At the moment, it can only be guessed what will come out of this complex "game" with quite a few foreign protagonists who have double or even manifold intentions. The Kosovo Albanian public, and the politicians are closely watching how the representatives of the students will cope with the situation. They are concerned because of their lack of experience in "performances" of this kind. Many Kosovo Albanian politicians are still not aware that they have excluded themselves from the game, so they are trying to continue with the old quarrelsome approach to the situation and relations within the Albanian movement. Probably that is the reason why on several occasions they were warned by some foreign diplomats not to get involved in the current students' campaign of public protests and their diplomatic and other contacts.

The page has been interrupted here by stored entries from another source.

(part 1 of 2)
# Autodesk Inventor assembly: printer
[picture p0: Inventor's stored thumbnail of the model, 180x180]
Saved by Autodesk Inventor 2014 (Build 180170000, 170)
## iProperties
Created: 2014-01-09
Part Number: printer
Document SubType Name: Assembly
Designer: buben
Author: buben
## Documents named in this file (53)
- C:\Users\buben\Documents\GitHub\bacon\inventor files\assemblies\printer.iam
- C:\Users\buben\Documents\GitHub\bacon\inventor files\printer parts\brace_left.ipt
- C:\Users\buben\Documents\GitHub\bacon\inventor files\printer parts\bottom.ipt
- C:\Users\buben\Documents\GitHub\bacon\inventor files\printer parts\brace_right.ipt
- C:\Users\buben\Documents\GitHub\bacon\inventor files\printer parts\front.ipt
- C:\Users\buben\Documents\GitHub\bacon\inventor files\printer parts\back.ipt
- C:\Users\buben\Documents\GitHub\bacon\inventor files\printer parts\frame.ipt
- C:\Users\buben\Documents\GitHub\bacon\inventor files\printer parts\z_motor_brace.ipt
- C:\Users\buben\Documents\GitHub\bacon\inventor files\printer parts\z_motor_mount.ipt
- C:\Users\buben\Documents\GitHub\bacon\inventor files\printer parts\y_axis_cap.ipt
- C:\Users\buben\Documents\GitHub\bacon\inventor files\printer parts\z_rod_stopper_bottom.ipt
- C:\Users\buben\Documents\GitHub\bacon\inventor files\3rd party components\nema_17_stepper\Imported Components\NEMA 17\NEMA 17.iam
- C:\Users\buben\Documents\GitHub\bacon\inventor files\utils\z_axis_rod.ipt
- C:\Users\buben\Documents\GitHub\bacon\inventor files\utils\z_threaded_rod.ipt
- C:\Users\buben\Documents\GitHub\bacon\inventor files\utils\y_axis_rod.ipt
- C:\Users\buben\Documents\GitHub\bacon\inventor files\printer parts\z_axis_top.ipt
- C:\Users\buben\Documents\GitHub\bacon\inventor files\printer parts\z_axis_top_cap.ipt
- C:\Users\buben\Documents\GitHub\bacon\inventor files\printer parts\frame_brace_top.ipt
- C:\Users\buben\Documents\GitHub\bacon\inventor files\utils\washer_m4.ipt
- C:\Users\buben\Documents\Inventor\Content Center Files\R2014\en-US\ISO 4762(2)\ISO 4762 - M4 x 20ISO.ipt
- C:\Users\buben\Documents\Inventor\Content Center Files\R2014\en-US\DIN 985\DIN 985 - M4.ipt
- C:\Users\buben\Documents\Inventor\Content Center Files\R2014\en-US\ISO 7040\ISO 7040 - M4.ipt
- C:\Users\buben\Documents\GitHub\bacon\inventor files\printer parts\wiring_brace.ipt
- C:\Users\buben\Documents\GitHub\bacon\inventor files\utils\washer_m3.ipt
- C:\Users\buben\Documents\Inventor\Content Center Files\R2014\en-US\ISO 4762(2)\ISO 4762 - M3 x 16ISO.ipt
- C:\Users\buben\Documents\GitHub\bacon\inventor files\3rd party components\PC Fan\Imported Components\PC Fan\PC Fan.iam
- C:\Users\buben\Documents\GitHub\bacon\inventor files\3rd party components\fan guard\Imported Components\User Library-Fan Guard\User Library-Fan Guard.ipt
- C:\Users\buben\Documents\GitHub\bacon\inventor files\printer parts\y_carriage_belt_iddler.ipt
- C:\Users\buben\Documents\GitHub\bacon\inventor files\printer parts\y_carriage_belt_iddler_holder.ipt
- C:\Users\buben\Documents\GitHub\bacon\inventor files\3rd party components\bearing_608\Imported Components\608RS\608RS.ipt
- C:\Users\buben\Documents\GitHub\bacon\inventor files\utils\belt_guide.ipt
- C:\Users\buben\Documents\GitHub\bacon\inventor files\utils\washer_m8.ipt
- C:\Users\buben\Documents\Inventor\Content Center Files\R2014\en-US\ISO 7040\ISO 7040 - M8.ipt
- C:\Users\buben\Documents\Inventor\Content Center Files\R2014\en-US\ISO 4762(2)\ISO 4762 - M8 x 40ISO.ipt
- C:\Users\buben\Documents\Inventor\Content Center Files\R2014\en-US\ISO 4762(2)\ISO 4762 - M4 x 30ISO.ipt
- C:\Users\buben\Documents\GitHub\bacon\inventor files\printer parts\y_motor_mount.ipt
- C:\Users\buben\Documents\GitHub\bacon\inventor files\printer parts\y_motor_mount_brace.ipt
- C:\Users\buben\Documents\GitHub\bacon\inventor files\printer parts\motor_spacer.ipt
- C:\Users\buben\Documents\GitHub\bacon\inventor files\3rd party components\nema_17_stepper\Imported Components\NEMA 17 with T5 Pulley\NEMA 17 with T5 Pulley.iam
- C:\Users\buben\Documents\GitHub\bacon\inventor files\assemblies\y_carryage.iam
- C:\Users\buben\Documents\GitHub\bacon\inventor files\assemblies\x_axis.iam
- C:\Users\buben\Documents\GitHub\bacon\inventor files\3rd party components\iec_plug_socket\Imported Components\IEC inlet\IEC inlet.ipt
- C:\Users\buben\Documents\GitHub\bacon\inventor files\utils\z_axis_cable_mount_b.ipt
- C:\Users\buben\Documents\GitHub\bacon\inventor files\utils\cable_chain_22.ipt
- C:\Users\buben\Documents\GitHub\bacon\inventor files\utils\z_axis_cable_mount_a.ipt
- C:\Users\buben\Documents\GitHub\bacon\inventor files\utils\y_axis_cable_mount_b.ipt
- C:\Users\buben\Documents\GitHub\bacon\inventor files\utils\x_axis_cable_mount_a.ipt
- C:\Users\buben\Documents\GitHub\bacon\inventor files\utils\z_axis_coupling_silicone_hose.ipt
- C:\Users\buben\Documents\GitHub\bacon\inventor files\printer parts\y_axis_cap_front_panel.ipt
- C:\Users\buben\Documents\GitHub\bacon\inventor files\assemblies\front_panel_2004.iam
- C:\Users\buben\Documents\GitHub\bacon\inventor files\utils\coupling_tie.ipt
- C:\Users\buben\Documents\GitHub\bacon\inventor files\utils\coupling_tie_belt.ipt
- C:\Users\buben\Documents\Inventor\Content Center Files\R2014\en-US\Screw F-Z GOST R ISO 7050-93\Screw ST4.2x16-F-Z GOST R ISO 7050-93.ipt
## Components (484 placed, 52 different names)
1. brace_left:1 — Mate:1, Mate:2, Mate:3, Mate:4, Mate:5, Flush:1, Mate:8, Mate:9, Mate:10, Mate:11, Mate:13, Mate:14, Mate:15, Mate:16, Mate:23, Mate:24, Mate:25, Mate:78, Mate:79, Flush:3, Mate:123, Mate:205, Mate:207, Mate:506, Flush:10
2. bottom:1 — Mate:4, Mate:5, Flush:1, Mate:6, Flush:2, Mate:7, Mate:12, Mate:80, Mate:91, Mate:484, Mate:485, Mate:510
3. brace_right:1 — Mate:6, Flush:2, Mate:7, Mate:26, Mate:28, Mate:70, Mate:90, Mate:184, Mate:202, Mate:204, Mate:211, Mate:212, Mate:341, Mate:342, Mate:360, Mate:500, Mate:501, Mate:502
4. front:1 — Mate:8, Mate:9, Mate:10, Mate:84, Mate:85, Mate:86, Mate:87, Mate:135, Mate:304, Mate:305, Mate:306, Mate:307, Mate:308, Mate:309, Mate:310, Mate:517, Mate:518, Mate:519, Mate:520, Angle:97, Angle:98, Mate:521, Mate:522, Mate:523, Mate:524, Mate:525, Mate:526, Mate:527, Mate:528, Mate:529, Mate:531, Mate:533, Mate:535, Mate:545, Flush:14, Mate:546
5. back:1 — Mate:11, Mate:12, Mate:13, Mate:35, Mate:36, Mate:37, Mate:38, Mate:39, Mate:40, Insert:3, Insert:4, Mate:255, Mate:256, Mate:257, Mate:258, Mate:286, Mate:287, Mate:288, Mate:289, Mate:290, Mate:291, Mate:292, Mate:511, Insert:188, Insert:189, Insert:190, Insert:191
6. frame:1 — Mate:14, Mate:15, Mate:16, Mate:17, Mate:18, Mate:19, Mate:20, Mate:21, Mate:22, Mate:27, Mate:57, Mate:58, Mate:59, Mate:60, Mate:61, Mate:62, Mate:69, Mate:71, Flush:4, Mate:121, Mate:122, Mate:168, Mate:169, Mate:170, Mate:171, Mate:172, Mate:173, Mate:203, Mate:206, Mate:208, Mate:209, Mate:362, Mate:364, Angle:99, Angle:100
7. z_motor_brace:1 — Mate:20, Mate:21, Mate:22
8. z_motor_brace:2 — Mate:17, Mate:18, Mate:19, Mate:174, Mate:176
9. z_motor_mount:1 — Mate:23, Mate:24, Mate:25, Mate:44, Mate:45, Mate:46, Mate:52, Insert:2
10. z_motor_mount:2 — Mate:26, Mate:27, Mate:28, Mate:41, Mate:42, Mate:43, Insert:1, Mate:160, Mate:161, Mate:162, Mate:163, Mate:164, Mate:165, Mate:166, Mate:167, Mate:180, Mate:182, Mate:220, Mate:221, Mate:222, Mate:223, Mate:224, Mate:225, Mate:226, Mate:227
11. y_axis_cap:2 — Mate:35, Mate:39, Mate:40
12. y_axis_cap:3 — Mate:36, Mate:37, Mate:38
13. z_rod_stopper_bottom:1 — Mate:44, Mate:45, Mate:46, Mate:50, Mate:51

This role is not pleasant to the politicians, but they were the ones who publicly and repeatedly demanded increased engagement of the international community concerning the problem of Kosovo. A public discussion about how that increased engagement of the international community in Kosovo came about and how the politicians found themselves out of the game has already begun and according to its beginning, one could tell that it will not be gentle at all. At least so far, everybody agrees that the engagement is positive, but they also agree in the concern that this might bring reduction of the problem of Kosovo to the question of education. Representatives of students consider this concern justified. But, they say that they wish to resolve problems the young ethnic Albanian population is directly faced with, and that other questions should be opened by the Albanian parties.